潔いものをプロダクトとして作れば、世の中に対して新鮮なインパクトを与えられると思った。徹底的に平面に拘った。自分の美学とかを曲げてでも売れた方がいい。広告のために広告を創るんじゃない。街のなかで、なにを見たらこれ欲しいと思うか。それが一番だと思うんだよね。

平面なグラフィックデザインばかり手がけていた佐藤可士和が初めてプロダクトを作ったのが「N703ID」です。グラフィックと違いプロダクトデザインは工場との兼ね合いがあり、デザインに制限が付き物です。

このデザインも、材質が違うから色が違って当たり前と言われるも、佐藤可士和は諦めません。理想のデザインを形にするために、そういう認識・常識を疑い、死ぬような思いで工場に通って、全部の色を統一するのです。

常識を疑うというのが、環境の変化が激しい時代において、とても重要なことです。しかし、旧来の日本の教育上、どうしても画一的な考え方になりがちですよね。この辺りのことは、下記の記事で詳しく解説しています。


参考
堀江貴文本「すべての教育は洗脳である」が脱社畜の方法ともろぐ

仕事を請ける基準「最終決定権を持つ人」

最終決定権を持つ人と直接話ができることを仕事を請ける基準のひとつにしていました。最終決定者と会い、話すのは簡単なことではありません。それなりの準備がいるし、交渉の場ではダイレクトに自分が試されます。言い出したことで仕事が倍に増えることもある。覚悟もいるし時間もかかる。かなり粘り強い性格だと自負する僕でも、相当のエネルギーを必要とします。それでも、不満を感じたら意思表示することが第一歩です。

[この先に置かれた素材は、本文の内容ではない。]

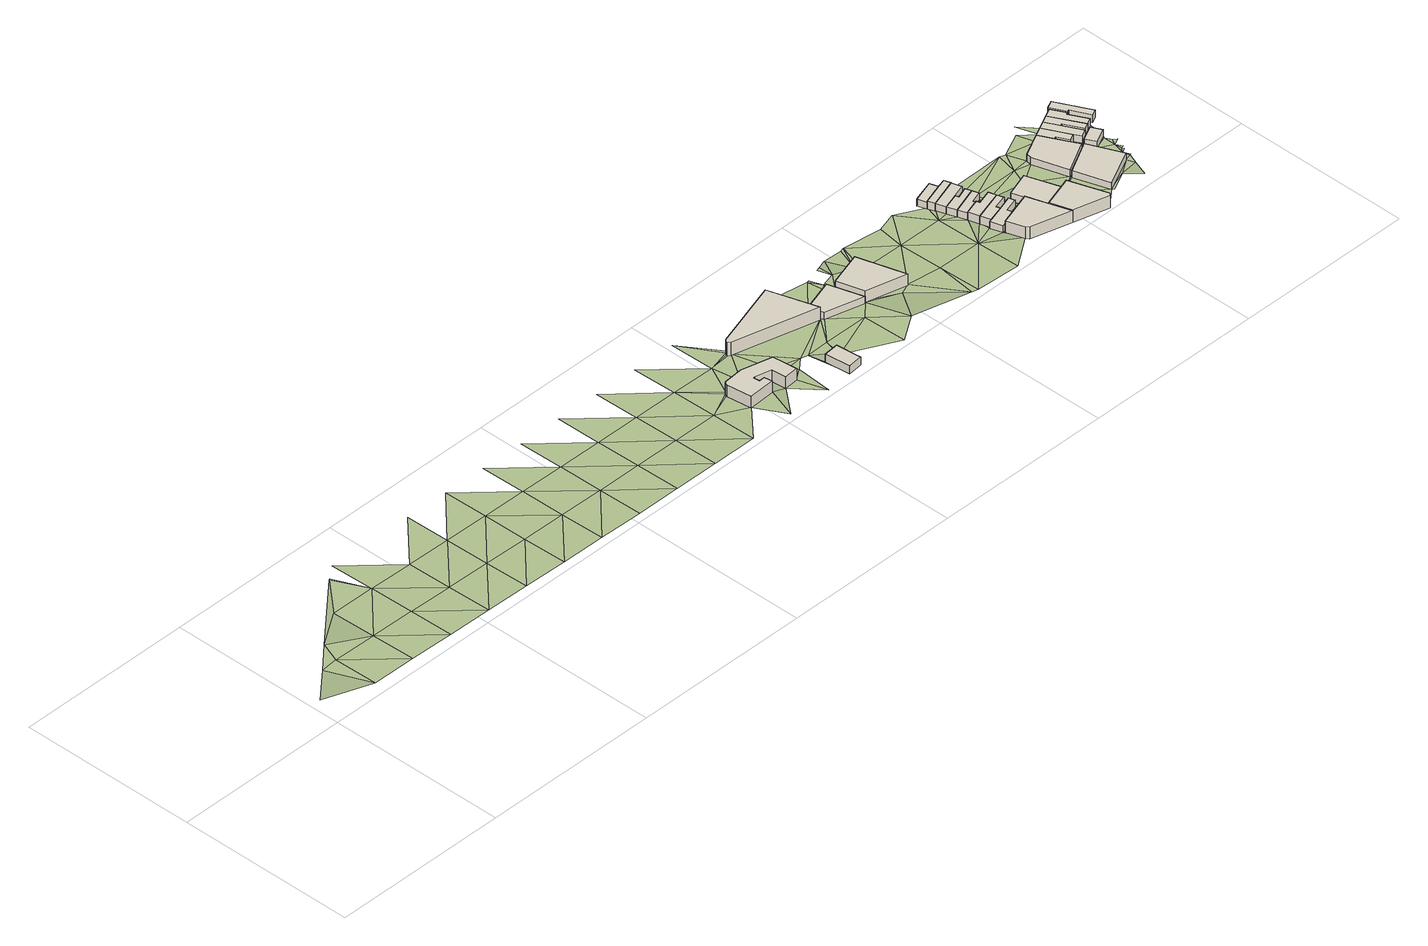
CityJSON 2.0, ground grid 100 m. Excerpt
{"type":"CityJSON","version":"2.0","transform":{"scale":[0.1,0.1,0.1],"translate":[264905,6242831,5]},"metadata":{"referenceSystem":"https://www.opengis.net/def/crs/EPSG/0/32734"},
"CityObjects":{
"building1":{"type":"Building","attributes":{"address":"Locomotive Hotel 349 Albert Road Salt River Cape Town","building":"retail","building:levels":"2","footprint":{"type":"Polygon"},"plus_code":"C6X3X5XC+XMV","ground_height":8.15,"building_height":6.9,"roof_height":15.05},"geometry":[{"type":"Solid","lod":"1","boundaries":[[[[0,1,2,3]],[[1,4,5,2]],[[4,6,7,5]],[[6,8,9,7]],[[8,10,11,9]],[[10,12,13,11]],[[12,14,15,13]],[[14,16,17,15]],[[16,18,19,17]],[[18,20,21,19]],[[20,22,23,21]],[[22,24,25,23]],[[24,26,27,25]],[[26,0,3,27]],[[3,2,5,7,9,11,13,15,17,19,21,23,25,27]],[[26,24,22,20,18,16,14,12,10,8,6,4,1,0]]]]}]},
"building2":{"type":"Building","attributes":{"building":"retail","building:levels":"1","footprint":{"type":"Polygon"},"plus_code":"C7XHXMXC+X2W","ground_height":8.33,"building_height":4.1,"roof_height":12.43},"geometry":[{"type":"Solid","lod":"1","boundaries":[[[[28,29,30,31,32,33]],[[29,34,35,31,30]],[[34,36,37,35]],[[36,38,39,37]],[[38,40,41,39]],[[40,28,33,32,41]],[[32,31,35,37,39,41]],[[40,38,36,34,29,28]]]]}]},
"building3":{"type":"Building","attributes":{"address":"Bridge Mansions 445 Albert Road Salt River Cape Town","building":"retail","building:levels":"2","footprint":{"type":"Polygon"},"plus_code":"C7X4X2XQ+X3W","ground_height":7.67,"building_height":6.9,"roof_height":14.57},"geometry":[{"type":"Solid","lod":"1","boundaries":[[[[42,43,44,45]],[[43,46,47,44]],[[46,48,49,47]],[[48,50,51,49]],[[50,52,53,51]],[[52,42,45,53]],[[45,44,47,49,51,53]],[[52,50,48,46,43,42]]]]}]},
"building4":{"type":"Building","attributes":{"address":"Albert Road Salt River Cape Town","building":"retail","building:levels":"1","footprint":{"type":"Polygon"},"plus_code":"C8XWX4X2+X6X","ground_height":7.12,"building_height":4.1,"roof_height":11.22},"geometry":[{"type":"Solid","lod":"1","boundaries":[[[[54,55,56,57]],[[55,58,59,56]],[[58,60,61,59]],[[60,54,57,61]],[[57,56,59,61]],[[60,58,55,54]]]]}]},
"building5":{"type":"Building","attributes":{"address":"Liesbeek House 449 Albert Road Salt River Cape Town","building":"retail","building:levels":"2","footprint":{"type":"Polygon"},"plus_code":"C9XXXPXH+XRR","ground_height":6.79,"building_height":6.9,"roof_height":13.69},"geometry":[{"type":"Solid","lod":"1","boundaries":[[[[62,63,64,65]],[[63,66,67,64]],[[66,68,69,67]],[[68,62,65,69]],[[65,64,67,69]],[[68,66,63,62]]]]}]},
"building6":{"type":"Building","attributes":{"address":"Alfred Street Cape Town","building":"house","building:levels":"1","footprint":{"type":"Polygon"},"plus_code":"CHX8X5X6+X8R","ground_height":5.93,"building_height":4.1,"roof_height":10.03},"geometry":[{"type":"Solid","lod":"1","boundaries":[[[[70,71,72,73]],[[71,74,75,72]],[[74,76,77,75]],[[76,70,73,77]],[[73,72,75,77]],[[76,74,71,70]]]]}]},
"building7":{"type":"Building","attributes":{"address":"Alfred Street Cape Town","building":"house","building:levels":"1","footprint":{"type":"Polygon"},"plus_code":"CHXFX3X8+X9V","ground_height":6.5,"building_height":4.1,"roof_height":10.6},"geometry":[{"type":"Solid","lod":"1","boundaries":[[[[78,79,80,81,82,83]],[[79,84,85,81,80]],[[84,86,87,85]],[[86,88,89,90,87]],[[88,91,92,93,90,89]],[[91,78,83,82,93,92]],[[82,81,85,87,90,93]],[[91,88,86,84,79,78]]]]}]},
"building8":{"type":"Building","attributes":{"address":"Alfred Street Cape Town","building":"house","building:levels":"1","footprint":{"type":"Polygon"},"plus_code":"CHXHX9X7+XVV","ground_height":6.39,"building_height":4.1,"roof_height":10.49},"geometry":[{"type":"Solid","lod":"1","boundaries":[[[[94,95,96,97]],[[95,98,99,96]],[[98,100,101,99]],[[100,79,80,101]],[[79,78,83,80]],[[78,94,97,83]],[[97,96,99,101,80,83]],[[78,79,100,98,95,94]]]]}]},
"building9":{"type":"Building","attributes":{"address":"19 Alfred Street Salt River Cape Town","building":"house","building:levels":"1","footprint":{"type":"Polygon"},"plus_code":"CHXQXWXV+XFR","ground_height":6.99,"building_height":4.1,"roof_height":11.09},"geometry":[{"type":"Solid","lod":"1","boundaries":[[[[102,103,104,105]],[[103,106,107,104]],[[106,108,109,107]],[[108,110,111,109]],[[110,112,113,111]],[[112,114,115,113]],[[114,116,117,115]],[[116,102,105,117]],[[105,104,107,109,111,113,115,117]],[[116,114,112,110,108,106,103,102]]]]}]},
"building10":{"type":"Building","attributes":{"address":"Alfred Street Cape Town","building":"house","building:levels":"1","footprint":{"type":"Polygon"},"plus_code":"CHXFXHXX+XVW","ground_height":6.5,"building_height":4.1,"roof_height":10.6},"geometry":[{"type":"Solid","lod":"1","boundaries":[[[[118,119,120,121,122,123]],[[119,124,125,121,120]],[[124,71,72,126,125]],[[71,70,73,127,126,72]],[[70,118,123,122,127,73]],[[122,121,125,126,127]],[[70,71,124,119,118]]]]}]},
"building11":{"type":"Building","attributes":{"address":"Alfred Street Cape Town","building":"house","building:levels":"1","footprint":{"type":"Polygon"},"plus_code":"CHXHX5X8+XGW","ground_height":6.39,"building_height":4.1,"roof_height":10.49},"geometry":[{"type":"Solid","lod":"1","boundaries":[[[[91,88,89,92]],[[88,128,129,89]],[[128,130,120,129]],[[130,131,123,120]],[[131,91,92,123]],[[92,89,129,120,123]],[[131,130,128,88,91]]]]}]},
"building12":{"type":"Building","attributes":{"address":"Alfred Street Cape Town","building":"house","building:levels":"1","footprint":{"type":"Polygon"},"plus_code":"CHXMX3XG+X2V","ground_height":6.99,"building_height":4.1,"roof_height":11.09},"geometry":[{"type":"Solid","lod":"1","boundaries":[[[[132,133,134,135]],[[133,136,137,134]],[[136,138,139,137]],[[138,95,96,140,139]],[[95,94,97,141,140,96]],[[94,132,135,141,97]],[[135,134,137,139,140,141]],[[94,95,138,136,133,132]]]]}]},
"building13":{"type":"Building","attributes":{"address":"17 Alfred Street Salt River Cape Town","building":"house","building:levels":"1","footprint":{"type":"Polygon"},"plus_code":"CHXQX2XF+XHW","ground_height":6.99,"building_height":4.1,"roof_height":11.09},"geometry":[{"type":"Solid","lod":"1","boundaries":[[[[142,143,105,104]],[[143,144,145,105]],[[144,146,147,145]],[[146,133,134,147]],[[133,132,135,134]],[[132,142,104,135]],[[104,105,145,147,134,135]],[[132,133,146,144,143,142]]]]}]},
"building14":{"type":"Building","attributes":{"address":"Salt River Buildings 463 Junction Road Salt River Cape Town","building":"retail","building:levels":"2","footprint":{"type":"Polygon"},"plus_code":"CJX7X9X8+X4V","ground_height":6.99,"building_height":6.9,"roof_height":13.89},"geometry":[{"type":"Solid","lod":"1","boundaries":[[[[148,149,150,151]],[[149,152,153,150]],[[152,154,155,153]],[[154,156,157,155]],[[156,158,159,157]],[[158,148,151,159]],[[151,150,153,155,157,159]],[[158,156,154,152,149,148]]]]}]},
"building15":{"type":"Building","attributes":{"address":"18 Junction Road Salt River Cape Town","building":"industrial","building:levels":"1","footprint":{"type":"Polygon"},"plus_code":"CMX3X3XQ+X4X","ground_height":6.86,"building_height":4.1,"roof_height":10.96},"geometry":[{"type":"Solid","lod":"1","boundaries":[[[[160,161,162,163]],[[161,164,165,162]],[[164,166,167,165]],[[166,160,163,167]],[[163,162,165,167]],[[166,164,161,160]]]]}]},
"building16":{"type":"Building","attributes":{"address":"Salt River Buildings 469 Junction Road Salt River Cape Town","building":"retail","building:levels":"2","footprint":{"type":"Polygon"},"plus_code":"CMX8XRXP+XJX","ground_height":7.39,"building_height":6.9,"roof_height":14.29},"geometry":[{"type":"Solid","lod":"1","boundaries":[[[[168,169,151,170,171,150]],[[169,172,173,170,151]],[[172,174,175,173]],[[174,176,177,175]],[[176,168,150,171,177]],[[171,170,173,175,177]],[[176,174,172,169,168]]]]}]},
"building17":{"type":"Building","attributes":{"address":"9 Junction Road Salt River Cape Town","building":"industrial","building:levels":"1","footprint":{"type":"Polygon"},"plus_code":"CPX9XWXW+X3R","ground_height":6.35,"building_height":4.1,"roof_height":10.45},"geometry":[{"type":"Solid","lod":"1","boundaries":[[[[178,179,180,181]],[[179,182,183,180]],[[182,184,185,183]],[[184,186,187,185]],[[186,188,189,187]],[[188,178,181,189]],[[181,180,183,185,187,189]],[[188,186,184,182,179,178]]]]}]},
"building18":{"type":"Building","attributes":{"address":"11 Junction Road Salt River Cape Town","building":"industrial","building:levels":"1","footprint":{"type":"Polygon"},"plus_code":"CPXQXCXQ+XPX","ground_height":6.84,"building_height":4.1,"roof_height":10.94},"geometry":[{"type":"Solid","lod":"1","boundaries":[[[[190,191,192,193]],[[191,194,195,192]],[[194,196,197,195]],[[196,190,193,197]],[[193,192,195,197]],[[196,194,191,190]]]]}]},
"building19":{"type":"Building","attributes":{"address":"21 Greef Street Salt River Cape Town","building":"house","building:levels":"1","footprint":{"type":"Polygon"},"plus_code":"CPXQX6XR+XMR","ground_height":6.35,"building_height":4.1,"roof_height":10.45},"geometry":[{"type":"Solid","lod":"1","boundaries":[[[[198,179,180,199]],[[179,178,181,180]],[[178,200,201,181]],[[200,202,203,201]],[[202,204,205,203]],[[204,198,199,205]],[[199,180,181,201,203,205]],[[204,202,200,178,179,198]]]]}]},
"building20":{"type":"Building","attributes":{"address":"23 Greef Street Salt River Cape Town","building":"house","building:levels":"1","footprint":{"type":"Polygon"},"plus_code":"CQX4XRX5+XXR","ground_height":6.35,"building_height":4.1,"roof_height":10.45},"geometry":[{"type":"Solid","lod":"1","boundaries":[[[[206,198,199,207]],[[198,204,205,199]],[[204,208,209,205]],[[208,210,211,209]],[[210,212,213,211]],[[212,206,207,213]],[[207,199,205,209,211,213]],[[212,210,208,204,198,206]]]]}]},
"building21":{"type":"Building","attributes":{"address":"16 Westminster Road Salt River Cape Town","building":"house","building:levels":"1","footprint":{"type":"Polygon"},"plus_code":"CQXCXQXM+XRR","ground_height":6.31,"building_height":4.1,"roof_height":10.41},"geometry":[{"type":"Solid","lod":"1","boundaries":[[[[214,215,216,217]],[[215,218,219,216]],[[218,220,221,219]],[[220,214,217,221]],[[217,216,219,221]],[[220,218,215,214]]]]}]},
"building22":{"type":"Building","attributes":{"address":"25 Greef Street Salt River Cape Town","building":"house","building:levels":"1","footprint":{"type":"Polygon"},"plus_code":"CQX8X8XM+X2R","ground_height":6.31,"building_height":4.1,"roof_height":10.41},"geometry":[{"type":"Solid","lod":"1","boundaries":[[[[222,223,207,224]],[[223,225,213,207]],[[225,226,227,213]],[[226,228,229,227]],[[228,230,231,229]],[[230,222,224,231]],[[224,207,213,227,229,231]],[[230,228,226,225,223,222]]]]}]},
"building23":{"type":"Building","attributes":{"address":"27 Greef Street Salt River Cape Town","building":"house","building:levels":"1","footprint":{"type":"Polygon"},"plus_code":"CQXHX7X3+XQX","ground_height":6.31,"building_height":4.1,"roof_height":10.41},"geometry":[{"type":"Solid","lod":"1","boundaries":[[[[232,233,231,224]],[[233,234,235,231]],[[234,236,237,235]],[[236,238,239,237]],[[238,240,241,239]],[[240,232,224,241]],[[224,231,235,237,239,241]],[[240,238,236,234,233,232]]]]}]},
"building24":{"type":"Building","attributes":{"address":"29 Greef Street Salt River Cape Town","building":"house","building:levels":"1","footprint":{"type":"Polygon"},"plus_code":"CQXQXRX7+XCR","ground_height":6.31,"building_height":4.1,"roof_height":10.41},"geometry":[{"type":"Solid","lod":"1","boundaries":[[[[242,243,244,245]],[[243,246,247,244]],[[246,248,249,247]],[[248,250,251,249]],[[250,252,253,251]],[[252,242,245,253]],[[245,244,247,249,251,253]],[[252,250,248,246,243,242]]]]}]},
"terrain1":{"type":"TINRelief","geometry":[{"type":"CompositeSurface","lod":"1","boundaries":[[[254,255,256]],[[255,257,256]],[[256,257,258]],[[259,257,255]],[[257,260,258]],[[259,260,257]],[[261,258,260]],[[262,260,259]],[[258,261,263]],[[260,264,261]],[[260,262,265]],[[260,265,264]],[[261,264,263]],[[266,265,262]],[[267,263,264]],[[268,264,265]],[[266,268,265]],[[269,264,270]],[[270,264,268]],[[271,268,266]],[[271,266,272]],[[270,268,273]],[[268,271,273]],[[274,270,273]],[[275,271,272]],[[275,272,276]],[[277,273,271]],[[271,275,277]],[[278,273,277]],[[275,276,279]],[[275,279,277]],[[279,276,280]],[[277,281,278]],[[281,277,279]],[[279,280,282]],[[281,279,282]],[[282,280,283]],[[284,281,285]],[[285,281,282]],[[283,286,282]],[[285,282,287]],[[287,282,286]],[[288,285,289]],[[289,285,287]],[[287,286,290]],[[289,287,291]],[[287,290,291]],[[289,292,293]],[[292,289,291]],[[290,294,291]],[[292,291,295]],[[291,294,295]],[[296,292,297]],[[292,295,297]],[[298,295,294]],[[297,295,299]],[[295,298,300]],[[300,299,295]],[[297,299,301]],[[302,303,297]],[[301,302,297]],[[304,298,305]],[[302,301,306]],[[12,304,305]],[[307,308,309]],[[309,310,307]],[[310,311,307]],[[310,304,311]],[[304,12,311]],[[312,302,306]],[[313,302,314]],[[12,315,14]],[[306,16,312]],[[302,316,314]],[[302,312,316]],[[317,313,314]],[[14,315,318]],[[319,16,14]],[[318,319,14]],[[312,16,320]],[[320,16,319]],[[318,320,319]],[[36,321,322]],[[36,34,321]],[[323,312,320]],[[34,324,321]],[[323,320,321]],[[324,34,29]],[[324,323,321]],[[324,29,325]],[[323,324,326]],[[327,325,29]],[[326,324,325]],[[328,42,323]],[[328,323,326]],[[328,329,42]],[[330,326,325]],[[325,327,331]],[[329,328,55]],[[325,331,330]],[[330,332,55]],[[332,330,333]],[[55,332,334]],[[334,329,55]],[[329,334,335]],[[336,330,331]],[[330,336,333]],[[334,332,337]],[[68,337,332]],[[336,338,333]],[[339,340,337]],[[336,331,341]],[[339,337,342]],[[342,337,68]],[[343,68,338]],[[341,338,336]],[[344,342,68]],[[345,68,343]],[[344,68,345]],[[341,346,338]],[[343,338,347]],[[346,341,348]],[[343,347,345]],[[346,347,338]],[[349,345,347]],[[350,346,348]],[[346,350,347]],[[351,350,348]],[[352,349,347]],[[353,347,350]],[[353,352,347]],[[351,354,350]],[[350,355,353]],[[356,352,353]],[[108,357,350]],[[108,350,354]],[[357,358,350]],[[350,358,355]],[[359,356,353]],[[360,359,353]],[[361,360,353]],[[353,355,361]],[[354,154,108]],[[357,103,358]],[[110,108,154]],[[110,154,362]],[[152,362,154]],[[112,110,362]],[[86,84,88]],[[95,100,98]],[[100,95,138]],[[363,102,364]],[[112,362,114]],[[128,88,84]],[[136,100,138]],[[116,364,102]],[[114,362,152]],[[79,365,84]],[[100,365,79]],[[128,84,365]],[[365,100,136]],[[133,366,136]],[[364,366,133]],[[364,116,366]],[[116,114,366]],[[366,114,152]],[[149,367,152]],[[152,367,366]],[[136,366,161]],[[365,136,368]],[[176,367,149]],[[369,130,128]],[[128,365,369]],[[368,136,161]],[[176,370,367]],[[365,368,369]],[[161,370,371]],[[370,176,371]],[[176,372,373]],[[161,184,368]],[[161,371,184]],[[176,373,194]],[[194,371,176]],[[369,368,374]],[[182,368,184]],[[368,182,374]],[[375,376,373]],[[179,374,182]],[[194,191,371]],[[377,374,179]],[[190,373,376]],[[188,371,191]],[[378,379,376]],[[377,179,198]],[[178,202,200]],[[188,202,178]],[[190,376,379]],[[215,202,188]],[[215,188,191]],[[380,191,190]],[[380,215,191]],[[208,202,215]],[[208,204,202]],[[381,198,206]],[[190,379,382]],[[383,380,190]],[[382,383,190]],[[208,215,210]],[[383,382,384]],[[385,380,383]],[[210,215,214]],[[383,386,387]],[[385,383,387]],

そもそも不満というのは自分からの一方通行の視点であり、非常にエゴイスティックなものなのです。クライアント側も、やりたいのにできないのかもしれない。その違いを見極めるためにも、不満を不満のままぶつけるのでなく、引っかかっている部分を疑問の形で表現するように心掛けています。先方の事情を知れば納得できることは多い。こちらが気持ちをオープンにして、コミュニケーションをよく取れば、問題の多くは解決されていくものです。

それでも、完全に不満はなくなることではありません。それでいいのです。不満は、次につながる課題になります。黙っていては、不満は不満のまま。感じたことは言葉にして伝え、コミュニケーションを取ることで、不満は納得と、前向きなエネルギーへと転換できるのです。
出典:佐藤可士和さん、仕事って楽しいですか? (宣伝会議)

決定権を持つ人と話せないことには自分の思うような仕事はできません。そこで、このような基準を設けることで、マーケティングのやり方から工場に通い続けるなど、最高のデザインを提供するために、案件にフルコミットできるわけですね。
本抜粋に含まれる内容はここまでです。